It's more entertainment than educational for me, but mostly I feel jealous that the host is being paid to travel the world and train with famous martial arts masters. lucky lucky lucky!

Kinda like that Travel Channel show where that woman gets to travel all over the world and stay in the most expensive hotels.

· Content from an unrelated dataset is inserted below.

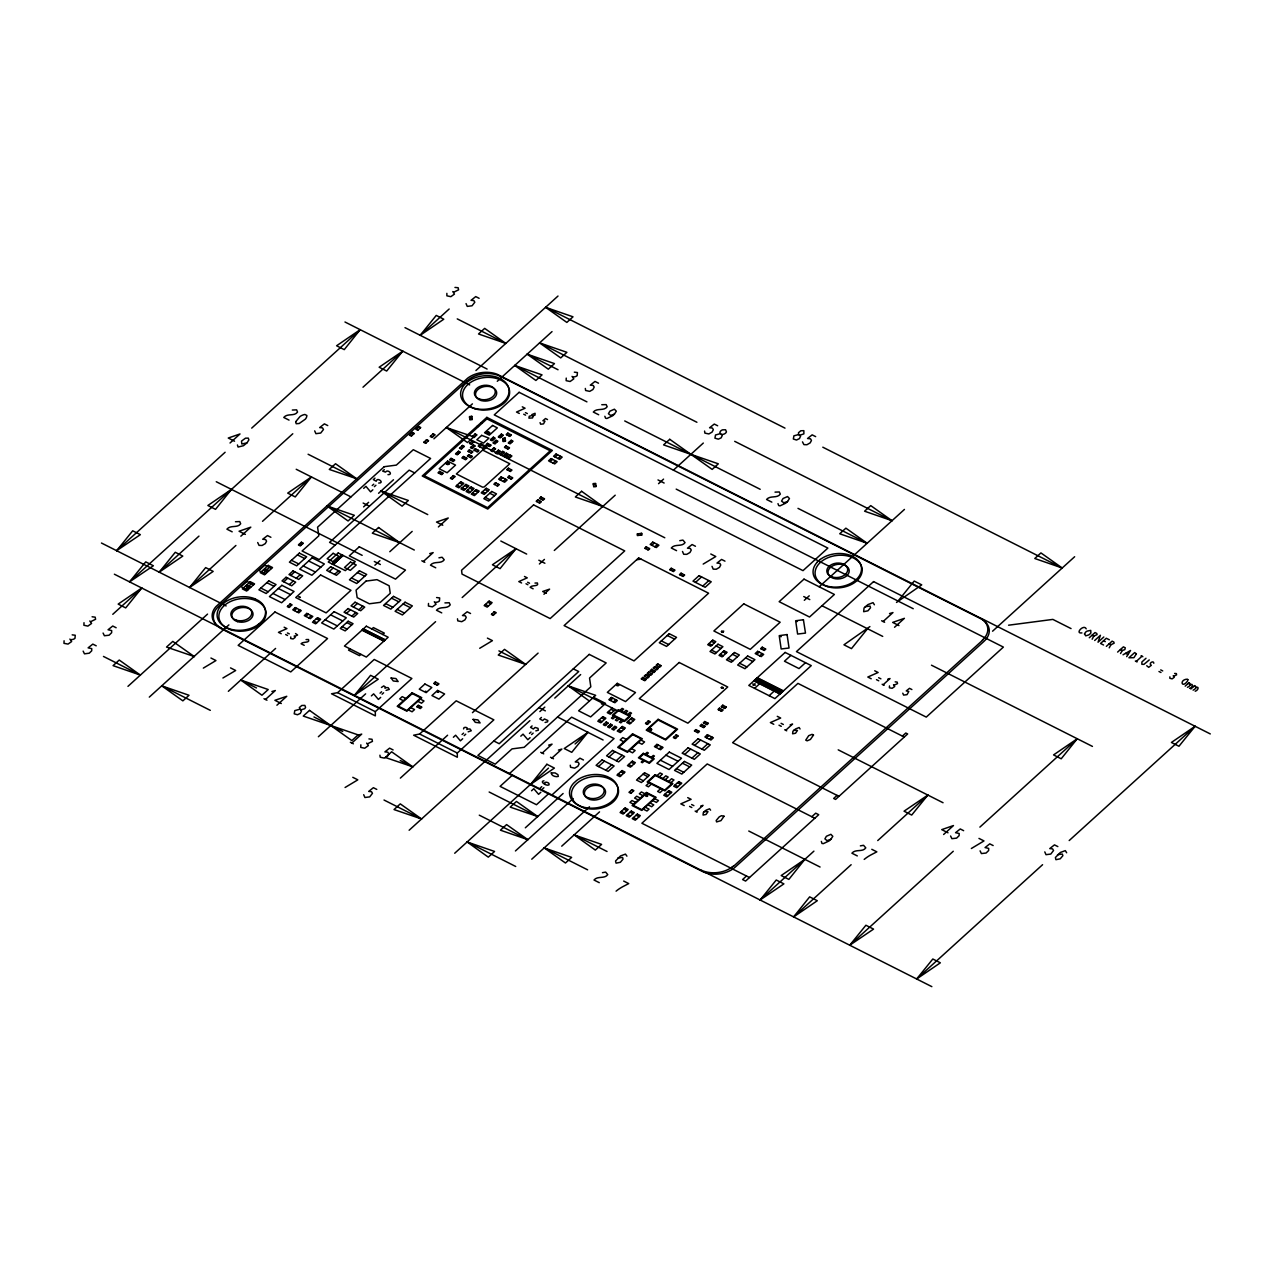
<?xml version="1.0" encoding="UTF-8"?>
<svg xmlns="http://www.w3.org/2000/svg" width="1274" height="1274" viewBox="0 0 1274 1274"><rect width="100%" height="100%" fill="white"/><g stroke="black" fill="none" stroke-linecap="round" stroke-linejoin="round"><path stroke-width="1.5" d="M902.772 693.215L903.616 695.094L907.04 694.649L908.792 691.463L906.276 690.922L909.493 688.342L911.881 689.537M83.144 651.125L84.466 653.833L89.26 653.196L91.712 650.807L91.744 648.641L88.129 647.845L92.827 644.118L96.219 645.822M103.083 633.051L104.404 635.742L109.086 635.216L111.634 632.716L111.666 630.566L108.067 629.754L112.749 626.028L116.141 627.748M257.698 542.533L259.052 545.383L262.094 545.463L265.31 543.6L266.584 541.211L265.645 539.571L262.699 539.236L267.508 535.574L270.9 537.294M314.694 430.883L315.92 433.67L320.714 433.049L323.453 429.497L322.513 427.857L319.678 427.586L324.376 423.876L327.752 425.58M363.695 794.705L364.921 797.508L369.715 796.871L372.454 793.32L371.514 791.695L368.696 791.425L373.378 787.698L376.77 789.402M379.923 755.179L380.209 757.202L384.302 758.11L387.519 756.246L388.793 753.858L387.742 752.154L384.907 751.883L389.589 748.157L393.109 749.94M466.045 303.61L467.271 306.397L472.065 305.776L474.804 302.225L473.864 300.6L471.046 300.33L475.728 296.603L479.12 298.307M457.493 618.814L457.78 620.852L461.745 621.68L464.962 619.833L466.252 617.428L465.313 615.788L462.478 615.533L467.176 611.807L470.552 613.511M585.323 388.443L585.61 390.481L589.703 391.373L592.92 389.526L594.194 387.121L593.27 385.481L590.308 385.162L594.99 381.436L598.509 383.203M570.274 765.196L570.561 767.235L574.654 768.142L577.87 766.279L579.144 763.874L578.205 762.25L575.259 761.916L579.941 758.189L583.46 759.973M682.498 551.467L683.724 554.27L686.75 554.349L689.967 552.486L691.256 550.081L690.317 548.457L687.482 548.186L692.069 544.555L695.461 546.259M704.586 431.074L704.888 433.112L708.854 433.94L712.07 432.093L713.344 429.688L712.405 428.048L709.586 427.777L714.268 424.067L717.66 425.771M712.007 566.357L713.217 569.144L716.259 569.239L719.476 567.376L720.75 564.971L719.826 563.347L716.991 563.076L721.578 559.445L724.97 561.149M802.477 441.871L803.926 444.642L806.952 444.722L810.184 442.858L811.458 440.454L810.519 438.829L807.557 438.495L812.159 434.864L815.663 436.632M950.579 835.983L951.901 838.674L956.599 838.133L959.131 835.648L959.179 833.499L955.564 832.686L960.262 828.96L963.638 830.68M980.088 850.857L981.41 853.564L986.092 853.023L988.64 850.538L988.672 848.388L985.073 847.576L989.755 843.85L993.147 845.554M1044.791 851.892L1046.002 854.679L1050.795 854.058L1053.534 850.506L1052.595 848.866L1049.776 848.595L1054.458 844.885L1057.85 846.589M463.545 728.903L464.054 727.565L465.886 727.327L467.255 728.027L466.905 729.588M626.919 856.16L625.454 854.106L620.502 855.953L615.533 861.001L616.075 863.151L620.374 862.275L623.05 859.138L622.572 857.434L617.779 858.071M874.394 604.784L873.04 602.65L867.96 604.577L864.043 607.969L863.661 611.695L867.944 610.803L870.524 607.762L870.046 606.074L865.253 606.695M1066.657 852.768L1065.303 850.634L1060.334 852.481L1055.382 857.529L1055.923 859.679L1060.223 858.803L1062.898 855.666L1062.309 854.058L1057.516 854.695M540.065 422.602L540.638 424.21L543.504 423.908L544.969 421.168L542.915 420.723L545.511 418.541L547.517 419.56M710.589 810.184L709.57 808.799L706.162 810.121L703.359 812.478L703.041 815.073L706.099 814.436L708.01 811.634L704.156 811.586M800.056 728.983L799.132 727.518L795.613 728.935L792.922 731.196L792.603 733.792L795.549 733.251L797.476 730.448L793.718 730.289M1153.814 663.228C1153.926 659.98 1147.794 663.42 1151.314 665.315L1148.702 667.321L1146.727 665.745M290.791 636.952L290.663 638.497L293.068 638.975L295.154 637.43L294.151 636.044M64.082 640.774L63.987 643.338L68.048 644.087L71.631 641.555L69.879 639.07M84.004 622.699L83.909 625.263L87.874 626.107L91.553 623.464L89.801 620.979M446.871 293.354L446.887 295.823L450.853 296.667L454.436 294.119L452.78 291.555M360.845 744.828L360.749 747.392L364.714 748.22L368.393 745.593L366.641 743.108M428.494 603.462L428.414 606.026L432.364 606.87L436.058 604.226L434.291 601.742M566.245 378.091L566.15 380.655L570.115 381.499L573.81 378.856L572.042 376.371M381.436 687.482L383.761 685.906L385.465 687.196L384.923 688.215M889.491 685.938L889.411 687.785L892.166 688.294L894.698 686.527L893.504 684.775M1169.866 676.844L1169.851 678.278L1172.144 678.851L1174.246 677.306L1173.195 675.761M425.436 691.193L426.599 691.702M645.759 795.486C648.816 797.731 644.803 792.842 647.479 796.186M1187.448 687.307C1190.394 686.718 1191.731 681.765 1187.957 683.644M1193.101 690.158C1196.047 689.568 1197.369 684.616 1193.611 686.495M1092.152 639.23L1093.793 636.14L1097.057 634.595L1096.771 633.433L1095.019 632.557L1089.27 637.764M1109.224 647.845L1110.864 644.755L1114.129 643.211L1113.842 642.048L1112.091 641.156L1106.342 646.38M1120.531 653.546L1122.298 650.52L1124.846 649.629L1125.276 647.813L1123.397 646.858L1117.632 652.081M1126.678 656.651L1130.548 650.473L1123.031 654.804M360.176 329.679L344.251 349.633L336.591 345.764L360.176 329.679L251.711 428.112M516.002 548.696L500.061 568.65L492.417 564.78L516.002 548.696L462.175 597.538M793.622 916.914L809.659 896.864L817.319 900.718L793.622 916.914L851.143 864.712M1077.247 738.745L1061.21 758.794L1053.55 754.925L1077.247 738.745L979.881 827.113M116.651 550.687L132.703 530.796L140.363 534.666L116.651 550.687L225.116 452.254M141.748 588.015L125.696 607.905L118.164 604.099L141.748 588.015L112.781 614.307M159.218 572.169L175.271 552.279L182.803 556.085L159.218 572.169L198.967 536.099M189.587 587.505L205.655 567.599L213.188 571.405L189.587 587.505L235.913 545.463M402.743 351.146L386.675 371.037L379.142 367.231L402.743 351.146L362.994 387.216M420.197 335.301L436.249 315.411L443.782 319.217L420.197 335.301L449.165 309.009M867.53 628.735L851.478 648.625L843.945 644.819L869.903 626.585M129.566 581.868L145.73 561.882L153.39 565.752L129.566 581.868L292.781 433.749M311.413 476.938L295.25 496.924L287.717 493.118L311.413 476.938L262.524 521.321M354.443 695.317L370.591 675.331L378.251 679.201L354.443 695.317L435.581 621.68M587.919 732.343L571.755 752.329L564.223 748.523L587.919 732.343L575.084 743.984M898.043 601.041L914.206 581.055L921.739 584.862L896.498 602.443M760.1 900.001L776.248 880.016L783.908 883.869L760.1 900.001L813.911 851.143M927.854 795.072L911.706 815.057L904.046 811.188L927.854 795.072L877.738 840.569M849.742 945.228L865.906 925.243L873.566 929.096L849.742 945.228L953.271 851.255M916.659 978.989L932.823 959.004L940.355 962.81L916.659 978.989L1042.578 864.696M1195.108 726.276L1178.944 746.261L1171.411 742.455L1195.108 726.276L1069.189 840.553M721.403 687.434L723.138 688.151M781.249 636.65L780.405 636.554M246.997 442.842L248.892 439.896L248.287 438.129L245.5 438.176L241.503 441.091L241.821 444.005L246.997 442.842L243.461 445.709L238.079 447.047L237.426 444.976M830.903 839.263L832.798 836.317L830.887 834.327L826.396 836.27L824.915 838.865L827.033 840.649L830.903 839.263L829.056 840.951L823.402 843.611L821.985 843.468L821.332 841.397M614.418 414.146L616.313 411.183L614.402 409.209L609.912 411.152L608.431 413.732L610.66 415.435L614.418 414.146L612.571 415.834L606.918 418.477L605.596 418.254L604.847 416.279M787.555 501.51L789.45 498.548L787.539 496.557L783.048 498.5L781.567 501.096L783.797 502.8L787.555 501.51L785.708 503.182L780.054 505.842L778.732 505.603L777.984 503.628M437.444 691.448L438.622 691.957M817.016 562.312L820.153 559.461M230.037 443.002L240.006 433.956L228.269 438.033L234.543 441.202M240.85 536.195L250.803 527.149L239.082 531.242L245.356 534.411M127.957 686.352L207.551 614.1M475.935 370.527L557.996 296.046M245.946 588.668L250.803 586.9L247.156 585.069L247.49 587.266M248.924 585.96L250.978 584.097M263.909 572.344L268.782 570.593L265.135 568.761L265.358 571.039M266.887 569.637L268.846 567.87M363.679 488.372L365.925 486.318L370.575 491.86L372.836 489.805M374.97 478.116L373.33 479.613L376.244 481.222C377.04 476.508 385.162 483.133 378.712 483.053M384.318 469.628L382.678 471.125L385.496 472.113C387.853 468.561 393.682 474.852 387.965 474.661M372.215 485.569L373.76 484.184M374.349 486.652L375.894 485.251M149.297 697.117L228.89 624.881M433.908 438.813L472.415 403.858M497.274 381.292L552.024 331.606M363.584 506.893L368.616 502.322M378.585 493.277L393.475 479.757M283.784 581.788L287.797 578.157M290.775 575.45L294.772 571.819M289.309 584.575L293.323 580.944M296.301 578.237L300.298 574.606M332.004 563.92L341.973 554.875M333.135 564.478L343.104 555.448M450.248 459.962L451.681 458.656M472.447 440.708L469.469 443.416L471.221 444.292L474.199 441.6M329.17 571.628L333.183 567.981M438.559 473.068L440.087 471.667M452.636 461.172L454.07 459.866M441.059 474.326L442.604 472.941M468.45 451.601L469.899 450.295M294.262 610.58L296.731 608.335M334.568 574.351L338.581 570.72M462.558 458.194L464.086 456.793M470.839 452.811L472.272 451.506M467.972 456.299L469.405 454.993M474.438 450.423L475.887 449.117M464.946 459.404L466.475 458.003M297.288 612.093L299.74 609.864M479.741 446.856L482.305 444.53M470.361 457.493L471.794 456.188M476.826 451.617L478.276 450.311M482.878 448.432L485.442 446.107M486.684 444.992L488.117 443.686M489.073 446.187L490.506 444.881M305.824 616.409L308.276 614.164M506.829 434.848L508.374 433.447M308.834 617.922L311.302 615.692M509.218 436.058L510.763 434.657M228.349 691.32L275.598 648.434M374.89 565.242L379.923 560.671M389.78 551.722L412.171 531.401M504.966 447.54L506.399 446.234M507.482 448.814L508.915 447.508M438.383 526.942L448.241 517.992L436.52 522.069L442.795 525.238M346.432 613.399L350.446 609.768M353.424 607.061L357.421 603.43M507.291 469.899L508.836 468.498M494.535 484.486L496.08 483.085M500.156 479.916L502.609 477.686M509.807 471.157L511.352 469.756M351.831 616.122L355.844 612.491M358.822 609.784L362.835 606.153M497.051 485.76L498.58 484.359M503.166 481.445L505.635 479.199M508.31 477.654L509.743 476.349M265.486 699.458L275.343 690.524L271.888 691.527M510.699 478.865L512.132 477.559M423.318 561.531L433.176 552.597L429.72 553.601M276.904 705.223L286.761 696.289L274.913 700.302L281.315 703.535M550.049 461.586L552.518 459.357M555.082 457.016L557.55 454.786M553.059 463.099L555.528 460.869M558.092 458.544L560.56 456.299M349.984 648.832L348.535 650.138L359.459 655.648L360.908 654.342M371.865 628.99L373.393 627.588L384.318 633.098L382.773 634.5M536.816 501.606L538.361 500.22M540.096 498.628L541.53 497.322M539.205 502.816L540.733 501.415M542.485 499.838L543.918 498.532M337.642 692.658L374.206 659.47L411.884 678.469L375.32 711.656L375.352 715.877L331.527 693.773L337.642 692.658L375.32 711.656M318.373 736.738L365.622 693.852M371.387 695.891L373.648 693.852L378.41 699.442L380.671 697.388M380.066 693.167L381.595 691.766M382.073 694.187L383.601 692.785M539.396 563.984L544.428 559.413M554.286 550.464L615.199 495.188M351.863 743.045L361.72 734.095L358.265 735.114M434.402 683.74L435.931 682.338M436.775 684.95L438.32 683.549M658.531 483.69L663.563 479.12M673.42 470.17L703.312 443.049M417.331 707.038L418.859 705.637M543.934 594.257L549.588 589.129L542.708 591.47L546.355 593.302M419.703 708.248L421.248 706.847M419.64 734.015L456.203 700.827L493.866 719.842L457.302 753.03L457.334 757.25L413.636 735.209L419.64 734.015L457.302 753.03M645.313 548.521L646.746 547.215M651.81 545.272L654.39 542.947M647.702 549.731L649.135 548.425M654.836 546.801L657.4 544.46M400.355 778.111L447.604 735.225M472.463 712.66L538.09 653.1M453.369 737.264L455.63 735.209L460.408 740.815L462.669 738.761M462.048 734.525L463.593 733.139M464.182 735.608L465.727 734.206M670.315 569.988L671.844 568.586M672.815 571.246L674.36 569.844M680.109 574.924L681.638 573.523M682.482 576.119L684.027 574.733M409.129 830.25L529.92 720.622M539.873 711.577L544.81 707.102M554.779 698.072L580.657 674.567M520.795 736.181L523.041 734.127L527.818 739.732L530.08 737.678M532.086 725.925L530.541 727.327L533.36 729.031L535.096 727.438L538.026 728.346L538.297 730.209L535.828 730.862M541.434 717.437L539.794 718.934L542.708 720.543L544.444 718.966L547.82 720.511L547.533 721.832L545.081 722.469M695.493 582.393L701.56 576.899M529.458 733.442L531.003 732.056M531.592 734.525L533.137 733.123M702.786 586.072L708.838 580.578M509.489 773.557L571.628 717.166L614.068 738.57L551.929 794.96M512.514 775.07L500.077 786.361L536.481 804.722L548.919 793.447M542.214 753.077L552.072 744.127L548.616 745.147M610.373 700.445L612.826 698.2M613.383 701.958L615.852 699.729M552.008 758.014L561.866 749.064L558.41 750.083M641.809 679.169L643.354 677.784M644.787 676.478L646.332 675.077M647.765 673.771L649.31 672.369M650.743 671.064L652.288 669.662M653.721 668.356L655.266 666.971M656.699 665.665L658.244 664.264M612.3 708.089L607.268 712.66L610.278 714.173L615.31 709.602M644.198 680.38L645.743 678.978M647.176 677.672L648.721 676.271M650.154 674.965L651.699 673.58M653.132 672.274L654.677 670.872M656.11 669.567L657.655 668.165M659.088 666.859L660.633 665.458M454.707 853.246L548.473 768.126M531.545 790.772L533.806 788.717L538.583 794.323L540.829 792.269M613.797 715.956L611.424 718.09L612.937 718.855L615.294 716.705M619.753 710.542L622.11 708.392L623.623 709.156L621.25 711.306M540.224 788.049L541.753 786.647M617.683 717.915L615.326 720.049L616.95 720.877L619.323 718.743M623.639 712.5L626.012 710.366L627.636 711.179L625.279 713.329M542.358 789.116L543.902 787.714M621.696 719.937L619.339 722.087L620.852 722.852L623.209 720.702M627.668 714.539L630.025 712.389L631.538 713.153L629.165 715.287M525.318 827.813L563.108 793.495M598.493 766.534L604.449 761.135M608.972 757.027L614.928 751.628M515.429 850.952L573.157 798.575M605.771 770.213L611.727 764.798M616.25 760.705L622.206 755.291M804.308 600.309L809.229 595.834M819.198 586.788L904.444 509.425M645.074 754.208L647.128 752.345L648.386 752.982L646.332 754.845M761.151 648.88L762.68 647.479M756.708 654.326L759.177 652.097M531.752 859.202L589.48 806.808M655.951 747.376L658.419 745.131M763.652 650.138L765.196 648.753M643.29 760.275L641.236 762.139L642.367 762.712L644.421 760.849M759.718 655.839L762.186 653.61M659.088 748.953L661.556 746.723M651.237 757.313L653.291 755.45L654.422 756.023L652.368 757.887M561.723 846.175L599.528 811.872M694.999 731.244L696.432 729.938M700.652 726.116L702.197 724.731M703.933 723.138L705.382 721.832M718.632 709.809L720.065 708.503M721.801 706.927L723.345 705.525M697.515 732.518L698.948 731.212M703.168 727.39L704.697 725.989M706.449 724.412L707.882 723.106M721.132 711.083L722.581 709.777M724.317 708.185L725.861 706.783M753.109 685.428L755.052 683.66M649.039 782.905L646.061 785.596L648.434 786.806L651.412 784.099M657.05 775.627L660.028 772.92L662.416 774.13L659.422 776.837M754.574 688.358L761.04 682.482L775.611 689.823L769.146 695.7M790.931 655.346L784.466 661.222L799.021 668.579L805.502 662.703M684.664 754.463L690.619 749.048M694.633 745.417L700.589 740.019M706.417 737.726L708.885 735.496M662.814 778.541L665.792 775.834L668.181 777.044L665.203 779.736M709.427 739.254L711.895 737.009M691.941 758.141L697.897 752.727M701.91 749.096L707.866 743.682M660.585 788.717L657.607 791.425L659.996 792.635L662.974 789.928M668.595 781.456L671.573 778.748L673.962 779.959L670.984 782.65M883.121 621.505L892.978 612.555L889.523 613.574M894.539 627.27L904.397 618.32L892.676 622.413L898.95 625.582M696.145 811.602L703.025 805.343L700.684 806.06M785.708 730.305L792.587 724.062L790.135 724.858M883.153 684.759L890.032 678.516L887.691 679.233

How does one find a job like that?

lucky lucky lucky!


----------



## Shaolin Bushido (Jun 13, 2006)

I've enjoyed virtually every episode that I've seen; I'm pretty sure there are only like 6 or 7 in total.  I'd hate to do a stand-up routine with y'all as the audience!  Tough crowd!:jedi1:


----------



## Bigshadow (Jun 13, 2006)

I have seen 3 of them.  I thought they were boring!  I could barely finish watching them.


----------



## Brian R. VanCise (Jun 13, 2006)

I have only seen one episode and was not impressed.  I however would like to see the Kalarippayattu episode.

Brian R. VanCise
www.instinctiveresponsetraining.com


----------



## Kensai (Jun 13, 2006)

Unfortunately, I wasn't overly impressed with the show either. Don't know why, just couldn't get into it. My preference would be for Mind Body and Kick *** Moves, that's an awesome show. Just my tuppence though.


----------